The basic for loop that you need to replicate is set up like this

for(i=0;i<1000;i++)

You must be able to replicate this without using repetition structures. It must also execute code in your language that would be in the body of the loop. Any form of eval is allowed, though it may not execute the for loop on its own.

You can test your code by having it print i with a space 100 times, add this test case to the end of your answer to verify your code with others.

There are no restrictions on what exactly it has to be, all it needs to do is replicate the for loop.

Winner will be decided based on upvotes at the time that it is chosen.

\$\endgroup\$
4
  • \$\begingroup\$ 100 times or 1000? Or 100 000 times? \$\endgroup\$ Commented Feb 19, 2011 at 6:50
  • 11
    \$\begingroup\$ I find the problem too undefined. You say “without using any repetition structures” and only give examples (but not an extensive list) of such prohibited structures. The answers provided so far use recursion or goto, both of which I would classify as “repetition structures”, but it can be debated. Without a proper definition of what is allowed and what isn’t, this question is not interesting. \$\endgroup\$
    – Timwi
    Commented Mar 8, 2011 at 14:34
  • \$\begingroup\$ gotos, recursion... \$\endgroup\$ Commented Mar 10, 2011 at 2:29
  • \$\begingroup\$ I am voting to close this as off-topic because we require objective validity criteria for all challenges. As it stands, there is no clear way to determine the validity of a submission. Additionally, there is no specification of the behavior of a valid submission. \$\endgroup\$
    – user45941
    Commented May 20, 2016 at 5:35

61 Answers 61

23
\$\begingroup\$

C, 45 chars without goto, if, for, ...

Not the smallest solution, but I find this way of doing it quite interesting in C :)

Doesn't use goto, if, for, or any other kind of control structures.

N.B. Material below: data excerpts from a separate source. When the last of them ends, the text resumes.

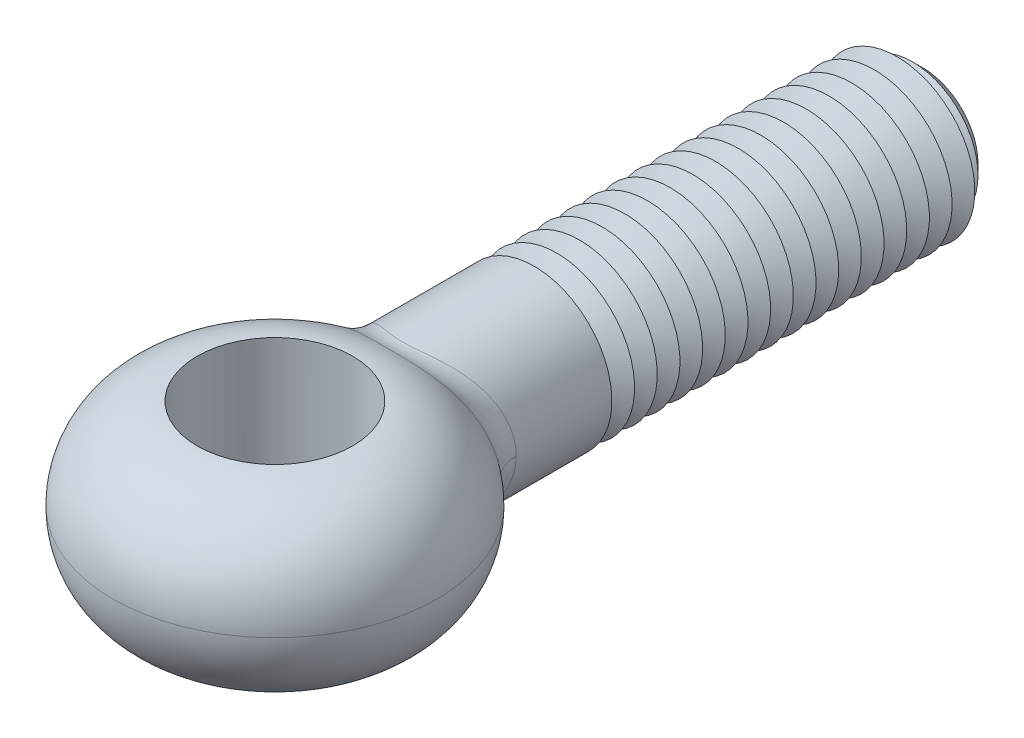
ISO-10303-21;
HEADER;
FILE_DESCRIPTION(('STEP AP214'),'2;1');
FILE_NAME('part.step','',(''),(''),'','','');
FILE_SCHEMA(('AUTOMOTIVE_DESIGN { 1 0 10303 214 1 1 1 1 }'));
ENDSEC;
DATA;
#1=APPLICATION_CONTEXT('core data for automotive mechanical design processes');
#2=APPLICATION_PROTOCOL_DEFINITION('international standard','automotive_design',2000,#1);
#3=PRODUCT_CONTEXT('',#1,'mechanical');
#4=PRODUCT('Part','Part','',(#3));
#5=PRODUCT_RELATED_PRODUCT_CATEGORY('part','',(#4));
#6=PRODUCT_DEFINITION_FORMATION('','',#4);
#7=PRODUCT_DEFINITION_CONTEXT('part definition',#1,'design');
#8=PRODUCT_DEFINITION('design','',#6,#7);
#9=PRODUCT_DEFINITION_SHAPE('','',#8);
#10=(LENGTH_UNIT() NAMED_UNIT(*) SI_UNIT(.MILLI.,.METRE.));
#11=(NAMED_UNIT(*) PLANE_ANGLE_UNIT() SI_UNIT($,.RADIAN.));
#12=(NAMED_UNIT(*) SI_UNIT($,.STERADIAN.) SOLID_ANGLE_UNIT());
#13=UNCERTAINTY_MEASURE_WITH_UNIT(LENGTH_MEASURE(1.E-05),#10,'distance_accuracy_value','');
#14=(GEOMETRIC_REPRESENTATION_CONTEXT(3) GLOBAL_UNCERTAINTY_ASSIGNED_CONTEXT((#13)) GLOBAL_UNIT_ASSIGNED_CONTEXT((#10,
#11,#12)) REPRESENTATION_CONTEXT('',''));
#15=CARTESIAN_POINT('',(0.,0.,0.));
#16=DIRECTION('',(0.,0.,1.));
#17=DIRECTION('',(1.,0.,0.));
#18=AXIS2_PLACEMENT_3D('',#15,#16,#17);
#19=CARTESIAN_POINT('',(0.,0.,-50.));
#20=DIRECTION('',(0.,0.,1.));
#21=DIRECTION('',(1.,0.,0.));
#22=AXIS2_PLACEMENT_3D('',#19,#20,#21);
#23=CYLINDRICAL_SURFACE('',#22,6.);
#24=CARTESIAN_POINT('',(0.,0.,-20.));
#25=DIRECTION('',(0.,0.,-1.));
#26=DIRECTION('',(-1.,0.,0.));
#27=AXIS2_PLACEMENT_3D('',#24,#25,#26);
#28=CIRCLE('',#27,6.);
#29=CARTESIAN_POINT('',(-6.,0.,-20.));
#30=VERTEX_POINT('',#29);
#31=EDGE_CURVE('E79',#30,#30,#28,.T.);
#32=ORIENTED_EDGE('',*,*,#31,.F.);
#33=EDGE_LOOP('',(#32));
#34=FACE_BOUND('',#33,.T.);
#35=CARTESIAN_POINT('',(5.9347688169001,-3.72936552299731,-9.76127797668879));
#36=CARTESIAN_POINT('',(5.01568840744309,-3.30684503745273,-10.6313747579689));
#37=CARTESIAN_POINT('',(4.83579180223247,-3.55177668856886,-11.9305846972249));
#38=CARTESIAN_POINT('',(6.04219931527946,-3.59564214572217,-9.79450956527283));
#39=CARTESIAN_POINT('',(5.09919553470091,-3.1795874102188,-10.6682119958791));
#40=CARTESIAN_POINT('',(4.92935060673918,-3.42442109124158,-11.9860495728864));
#41=CARTESIAN_POINT('',(6.1438473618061,-3.45763550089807,-9.82611020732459));
#42=CARTESIAN_POINT('',(5.17725322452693,-3.05002694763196,-10.702840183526));
#43=CARTESIAN_POINT('',(5.01812074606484,-3.29298619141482,-12.0386936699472));
#44=CARTESIAN_POINT('',(6.33498015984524,-3.17385997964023,-9.8857417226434));
#45=CARTESIAN_POINT('',(5.32290004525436,-2.78639390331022,-10.7677279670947));
#46=CARTESIAN_POINT('',(5.1853986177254,-3.02272379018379,-12.1378881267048));
#47=CARTESIAN_POINT('',(6.42446179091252,-3.02808912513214,-9.91377167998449));
#48=CARTESIAN_POINT('',(5.39041764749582,-2.65235488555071,-10.7979569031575));
#49=CARTESIAN_POINT('',(5.26390371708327,-2.88389440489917,-12.1844369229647));
#50=CARTESIAN_POINT('',(6.59063414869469,-2.72961135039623,-9.96594490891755));
#51=CARTESIAN_POINT('',(5.51491014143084,-2.38053035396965,-10.8538721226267));
#52=CARTESIAN_POINT('',(5.40994102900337,-2.5996298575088,-12.270973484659));
#53=CARTESIAN_POINT('',(6.66732079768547,-2.57690223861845,-9.99008694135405));
#54=CARTESIAN_POINT('',(5.57181683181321,-2.24279354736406,-10.8795284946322));
#55=CARTESIAN_POINT('',(5.47746974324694,-2.45419260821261,-12.3109591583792));
#56=CARTESIAN_POINT('',(6.80727548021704,-2.26566063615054,-10.0342164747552));
#57=CARTESIAN_POINT('',(5.67502497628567,-1.96438787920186,-10.9261769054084));
#58=CARTESIAN_POINT('',(5.60087770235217,-2.1577720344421,-12.3839763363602));
#59=CARTESIAN_POINT('',(6.87054514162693,-2.10712885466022,-10.0542044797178));
#60=CARTESIAN_POINT('',(5.72126980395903,-1.82378259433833,-10.9471437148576));
#61=CARTESIAN_POINT('',(5.65675836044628,-2.00678938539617,-12.4170086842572));
#62=CARTESIAN_POINT('',(7.03602672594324,-1.63406973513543,-10.1065323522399));
#63=CARTESIAN_POINT('',(5.84177866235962,-1.4066595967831,-11.0018788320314));
#64=CARTESIAN_POINT('',(5.80305576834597,-1.55625689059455,-12.5034220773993));
#65=CARTESIAN_POINT('',(7.11911563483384,-1.31267241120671,-10.1328771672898));
#66=CARTESIAN_POINT('',(5.90112324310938,-1.12766751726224,-11.0289752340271));
#67=CARTESIAN_POINT('',(5.87671572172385,-1.2501642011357,-12.5468355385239));
#68=CARTESIAN_POINT('',(7.23011866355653,-0.660856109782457,-10.1680856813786));
#69=CARTESIAN_POINT('',(5.98031743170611,-0.565466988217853,-11.0651706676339));
#70=CARTESIAN_POINT('',(5.97517391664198,-0.629386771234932,-12.6048310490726));
#71=CARTESIAN_POINT('',(7.25807152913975,-0.33044363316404,-10.1769616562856));
#72=CARTESIAN_POINT('',(6.00000388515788,-0.282923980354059,-11.0741952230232));
#73=CARTESIAN_POINT('',(6.0000064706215,-0.314708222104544,-12.6194333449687));
#74=CARTESIAN_POINT('',(7.25805738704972,0.335912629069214,-10.1769567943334));
#75=CARTESIAN_POINT('',(5.99999605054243,0.287606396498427,-11.0741911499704));
#76=CARTESIAN_POINT('',(5.99999342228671,0.319916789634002,-12.6194255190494));
#77=CARTESIAN_POINT('',(7.22915722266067,0.671857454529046,-10.1677796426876));
#78=CARTESIAN_POINT('',(5.97964504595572,0.574876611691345,-11.0648614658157));
#79=CARTESIAN_POINT('',(5.97431882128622,0.63986424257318,-12.6043279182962));
#80=CARTESIAN_POINT('',(7.11452740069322,1.33399050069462,-10.131423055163));
#81=CARTESIAN_POINT('',(5.89784251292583,1.14610230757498,-11.0274778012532));
#82=CARTESIAN_POINT('',(5.87264847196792,1.2704671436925,-12.5444393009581));
#83=CARTESIAN_POINT('',(7.02877559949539,1.66017486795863,-10.1042366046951));
#84=CARTESIAN_POINT('',(5.83657851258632,1.42936262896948,-10.9995093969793));
#85=CARTESIAN_POINT('',(5.79663311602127,1.58111892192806,-12.4996367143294));
#86=CARTESIAN_POINT('',(6.80343893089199,2.2930418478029,-10.0329875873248));
#87=CARTESIAN_POINT('',(5.67253761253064,1.98731296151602,-10.9250177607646));
#88=CARTESIAN_POINT('',(5.59744490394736,2.1838493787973,-12.3819651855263));
#89=CARTESIAN_POINT('',(6.66393326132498,2.59975238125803,-9.98894984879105));
#90=CARTESIAN_POINT('',(5.57019974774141,2.2614449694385,-10.8786920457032));
#91=CARTESIAN_POINT('',(5.47434142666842,2.47595464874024,-12.3091375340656));
#92=CARTESIAN_POINT('',(6.33535121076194,3.18625883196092,-9.88580293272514));
#93=CARTESIAN_POINT('',(5.32389744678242,2.79589244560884,-10.768093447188));
#94=CARTESIAN_POINT('',(5.18560859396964,3.03453222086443,-12.1380393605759));
#95=CARTESIAN_POINT('',(6.14627999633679,3.4660575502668,-9.82669532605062));
#96=CARTESIAN_POINT('',(5.18043230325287,3.05583228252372,-10.7040397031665));
#97=CARTESIAN_POINT('',(5.01998367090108,3.30100719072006,-12.0397714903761));
#98=CARTESIAN_POINT('',(5.7172577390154,4.00014270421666,-9.69400494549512));
#99=CARTESIAN_POINT('',(4.84766875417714,3.56284891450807,-10.5572649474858));
#100=CARTESIAN_POINT('',(4.64637499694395,3.8096597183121,-11.8183006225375));
#101=CARTESIAN_POINT('',(5.47601553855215,4.2534802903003,-9.62005911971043));
#102=CARTESIAN_POINT('',(4.65772328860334,3.80925143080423,-10.4742896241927));
#103=CARTESIAN_POINT('',(4.43732293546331,4.05093360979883,-11.694469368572));
#104=CARTESIAN_POINT('',(5.08259146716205,4.60342640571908,-9.50208552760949));
#105=CARTESIAN_POINT('',(4.34080391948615,4.15825147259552,-10.3388173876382));
#106=CARTESIAN_POINT('',(4.09924731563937,4.38421562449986,-11.4959320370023));
#107=CARTESIAN_POINT('',(4.9460782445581,4.71513594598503,-9.46155286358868));
#108=CARTESIAN_POINT('',(4.23020168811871,4.27084293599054,-10.2919789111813));
#109=CARTESIAN_POINT('',(3.98237779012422,4.49060566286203,-11.4275663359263));
#110=CARTESIAN_POINT('',(4.66296513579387,4.92813376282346,-9.37875537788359));
#111=CARTESIAN_POINT('',(3.99884628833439,4.48804462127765,-10.1953948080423));
#112=CARTESIAN_POINT('',(3.74115278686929,4.6934607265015,-11.2875507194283));
#113=CARTESIAN_POINT('',(4.5163679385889,5.0294247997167,-9.33649101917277));
#114=CARTESIAN_POINT('',(3.87815279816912,4.5926858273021,-10.1456674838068));
#115=CARTESIAN_POINT('',(3.61679930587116,4.78992838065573,-11.2159016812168));
#116=CARTESIAN_POINT('',(4.20225124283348,5.22831182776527,-9.24781094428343));
#117=CARTESIAN_POINT('',(3.61758964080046,4.80051594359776,-10.0403893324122));
#118=CARTESIAN_POINT('',(3.35180476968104,4.97934459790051,-11.0651470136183));
#119=CARTESIAN_POINT('',(4.03398632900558,5.3250780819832,-9.20131965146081));
#120=CARTESIAN_POINT('',(3.47696557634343,4.90311397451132,-9.98467073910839));
#121=CARTESIAN_POINT('',(3.21063957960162,5.07150293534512,-10.9858822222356));
#122=CARTESIAN_POINT('',(3.68652352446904,5.50578905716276,-9.10838168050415));
#123=CARTESIAN_POINT('',(3.18454628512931,5.09703954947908,-9.87225560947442));
#124=CARTESIAN_POINT('',(2.92111983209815,5.24360862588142,-10.8269291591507));
#125=CARTESIAN_POINT('',(3.50732357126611,5.5897313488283,-9.06193501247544));
#126=CARTESIAN_POINT('',(3.03278104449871,5.18843564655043,-9.81555489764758));
#127=CARTESIAN_POINT('',(2.77276391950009,5.32355366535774,-10.7472408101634));
#128=CARTESIAN_POINT('',(3.13794087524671,5.74446425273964,-8.97062224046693));
#129=CARTESIAN_POINT('',(2.71821702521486,5.35884982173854,-9.70314483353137));
#130=CARTESIAN_POINT('',(2.46931336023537,5.47091833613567,-10.5900722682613));
#131=CARTESIAN_POINT('',(2.94775184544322,5.81524723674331,-8.92575706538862));
#132=CARTESIAN_POINT('',(2.55541416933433,5.43794512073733,-9.64741385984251));
#133=CARTESIAN_POINT('',(2.31421486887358,5.53833070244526,-10.5125933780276));
#134=CARTESIAN_POINT('',(2.55657851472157,5.9431564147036,-8.83975050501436));
#135=CARTESIAN_POINT('',(2.21925064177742,5.58238081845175,-9.53980556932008));
#136=CARTESIAN_POINT('',(1.99786735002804,5.66014896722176,-10.3636052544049));
#137=CARTESIAN_POINT('',(2.35559801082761,6.00028737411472,-8.79860782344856));
#138=CARTESIAN_POINT('',(2.04585622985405,5.64781946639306,-9.48788433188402));
#139=CARTESIAN_POINT('',(1.83662049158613,5.71455940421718,-10.2920939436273));
#140=CARTESIAN_POINT('',(1.85774191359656,6.12093796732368,-8.70719486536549));
#141=CARTESIAN_POINT('',(1.61559271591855,5.78713197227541,-9.37194513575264));
#142=CARTESIAN_POINT('',(1.4406271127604,5.82946473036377,-10.1327613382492));
#143=CARTESIAN_POINT('',(1.55532271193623,6.17747996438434,-8.6600942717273));
#144=CARTESIAN_POINT('',(1.3529723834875,5.8538439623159,-9.31142342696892));
#145=CARTESIAN_POINT('',(1.20284157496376,5.88331425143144,-10.0502669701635));
#146=CARTESIAN_POINT('',(1.0891409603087,6.23930337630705,-8.60649289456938));
#147=CARTESIAN_POINT('',(0.947579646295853,5.92726352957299,-9.242285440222));
#148=CARTESIAN_POINT('',(0.83982684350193,5.94219369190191,-9.95617208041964));
#149=CARTESIAN_POINT('',(0.931962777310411,6.25606948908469,-8.59147969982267));
#150=CARTESIAN_POINT('',(0.810874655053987,5.94729550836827,-9.22285403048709));
#151=CARTESIAN_POINT('',(0.718001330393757,5.95816141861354,-9.92977025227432));
#152=CARTESIAN_POINT('',(0.614462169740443,6.2817502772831,-8.56819097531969));
#153=CARTESIAN_POINT('',(0.534722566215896,5.97803723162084,-9.19268813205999));
#154=CARTESIAN_POINT('',(0.472694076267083,5.98261931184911,-9.88878715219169));
#155=CARTESIAN_POINT('',(0.454140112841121,6.29066586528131,-8.5599146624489));
#156=CARTESIAN_POINT('',(0.395193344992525,5.98876738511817,-9.18193414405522));
#157=CARTESIAN_POINT('',(0.349212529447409,5.9911103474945,-9.87420450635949));
#158=CARTESIAN_POINT('',(0.131049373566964,6.30047562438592,-8.55079683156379));
#159=CARTESIAN_POINT('',(0.114068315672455,6.00056854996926,-9.17009294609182));
#160=CARTESIAN_POINT('',(0.100687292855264,6.00045297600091,-9.85813795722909));
#161=CARTESIAN_POINT('',(-0.0317286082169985,6.30131187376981,-8.55000899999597));
#162=CARTESIAN_POINT('',(-0.0276309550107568,6.00157787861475,-9.16906745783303));
#163=CARTESIAN_POINT('',(-0.02436125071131,6.00124940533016,-9.85674863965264));
#164=CARTESIAN_POINT('',(-0.356412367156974,6.29479284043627,-8.55608280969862));
#165=CARTESIAN_POINT('',(-0.31015318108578,5.99373179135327,-9.1769575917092));
#166=CARTESIAN_POINT('',(-0.274003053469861,5.9950408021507,-9.86745275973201));
#167=CARTESIAN_POINT('',(-0.518318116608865,6.28743729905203,-8.56294469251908));
#168=CARTESIAN_POINT('',(-0.451073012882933,5.98487067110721,-9.18587895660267));
#169=CARTESIAN_POINT('',(-0.398596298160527,5.98803552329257,-9.87954662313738));
#170=CARTESIAN_POINT('',(-0.839832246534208,6.26466677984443,-8.583729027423));
#171=CARTESIAN_POINT('',(-0.730746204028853,5.95757663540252,-9.21281914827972));
#172=CARTESIAN_POINT('',(-0.646718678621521,5.96634931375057,-9.91613502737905));
#173=CARTESIAN_POINT('',(-0.999430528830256,6.24922351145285,-8.59767625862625));
#174=CARTESIAN_POINT('',(-0.869577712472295,5.93909230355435,-9.23088715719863));
#175=CARTESIAN_POINT('',(-0.770242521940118,5.95164143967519,-9.94067308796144));
#176=CARTESIAN_POINT('',(-1.31437481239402,6.21055073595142,-8.63153922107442));
#177=CARTESIAN_POINT('',(-1.14330359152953,5.89311724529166,-9.27458059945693));
#178=CARTESIAN_POINT('',(-1.01506554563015,5.91481022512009,-10.0001513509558));
#179=CARTESIAN_POINT('',(-1.46971907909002,6.18731810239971,-8.65145734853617));
#180=CARTESIAN_POINT('',(-1.27826760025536,5.86559591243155,-9.30023316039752));
#181=CARTESIAN_POINT('',(-1.13636381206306,5.89268390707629,-10.0350957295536));
#182=CARTESIAN_POINT('',(-1.82539603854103,6.12454062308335,-8.70327656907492));
#183=CARTESIAN_POINT('',(-1.58698911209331,5.79180104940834,-9.36667644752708));
#184=CARTESIAN_POINT('',(-1.41557604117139,5.83289583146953,-10.1258248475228));
#185=CARTESIAN_POINT('',(-2.02378988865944,6.08214516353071,-8.73696553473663));
#186=CARTESIAN_POINT('',(-1.75893471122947,5.74230420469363,-9.40969592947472));
#187=CARTESIAN_POINT('',(-1.57246341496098,5.79251920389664,-10.184686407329));
#188=CARTESIAN_POINT('',(-2.41092164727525,5.98480792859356,-8.80979727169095));
#189=CARTESIAN_POINT('',(-2.09355200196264,5.63009686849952,-9.50199744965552));
#190=CARTESIAN_POINT('',(-1.880970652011,5.69981707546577,-10.3115469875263));
#191=CARTESIAN_POINT('',(-2.5996560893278,5.92986168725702,-8.84894198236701));
#192=CARTESIAN_POINT('',(-2.25629041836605,5.56730096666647,-9.55133195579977));
#193=CARTESIAN_POINT('',(-2.03258861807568,5.64748732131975,-10.3795492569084));
#194=CARTESIAN_POINT('',(-2.96755778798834,5.80783248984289,-8.93044371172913));
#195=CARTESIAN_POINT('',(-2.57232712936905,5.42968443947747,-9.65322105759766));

The function by itself (45 chars):

m(){int (*a[])()={m,exit};i++;(*a[i>999])();}

A compilable, working program:

#include <stdio.h>
#include <stdlib.h>

int i=0;
m(){int (*a[])()={m,exit};i++;printf("%i ",i);(*a[i>999])();}

int main()
{
  m();
}
\$\endgroup\$
5
  • 2
    \$\begingroup\$ A function call is a "control structure." Right? \$\endgroup\$ Commented May 25, 2012 at 0:21
  • \$\begingroup\$ @Denis Bueno: No, a control structure is stuff like while, do, for, if... \$\endgroup\$
    – houbysoft
    Commented May 25, 2012 at 1:54
  • 1
    \$\begingroup\$ Can you please include an explanation? I got a bit lost. \$\endgroup\$
    – Rees
    Commented Jan 11, 2014 at 15:21
  • 1
    \$\begingroup\$ This is a bit late, but @Rees: int (*a[])()={m,exit} is an array of function pointers. m is called which increments and prints i (set to 1, 2, 3, ...) and calls a function from the array of function pointers. The call (*a[i>999])(); will expand to (*a[0])(); or (*a[1])(); since C will use the value of i>999 as an integer depending on whether it is true or false (1 or 0). It'll call m until i>999 is true, then call exit. Nice use of function pointers. \$\endgroup\$
    – aglasser
    Commented Jul 17, 2014 at 13:59
  • \$\begingroup\$ You can remove that space. \$\endgroup\$
    – S.S. Anne
    Commented Feb 12, 2020 at 23:52
15
\$\begingroup\$

Haskell, 33 chars

This is more like inventing the for loop, because there is no such nonsense in Haskell :P.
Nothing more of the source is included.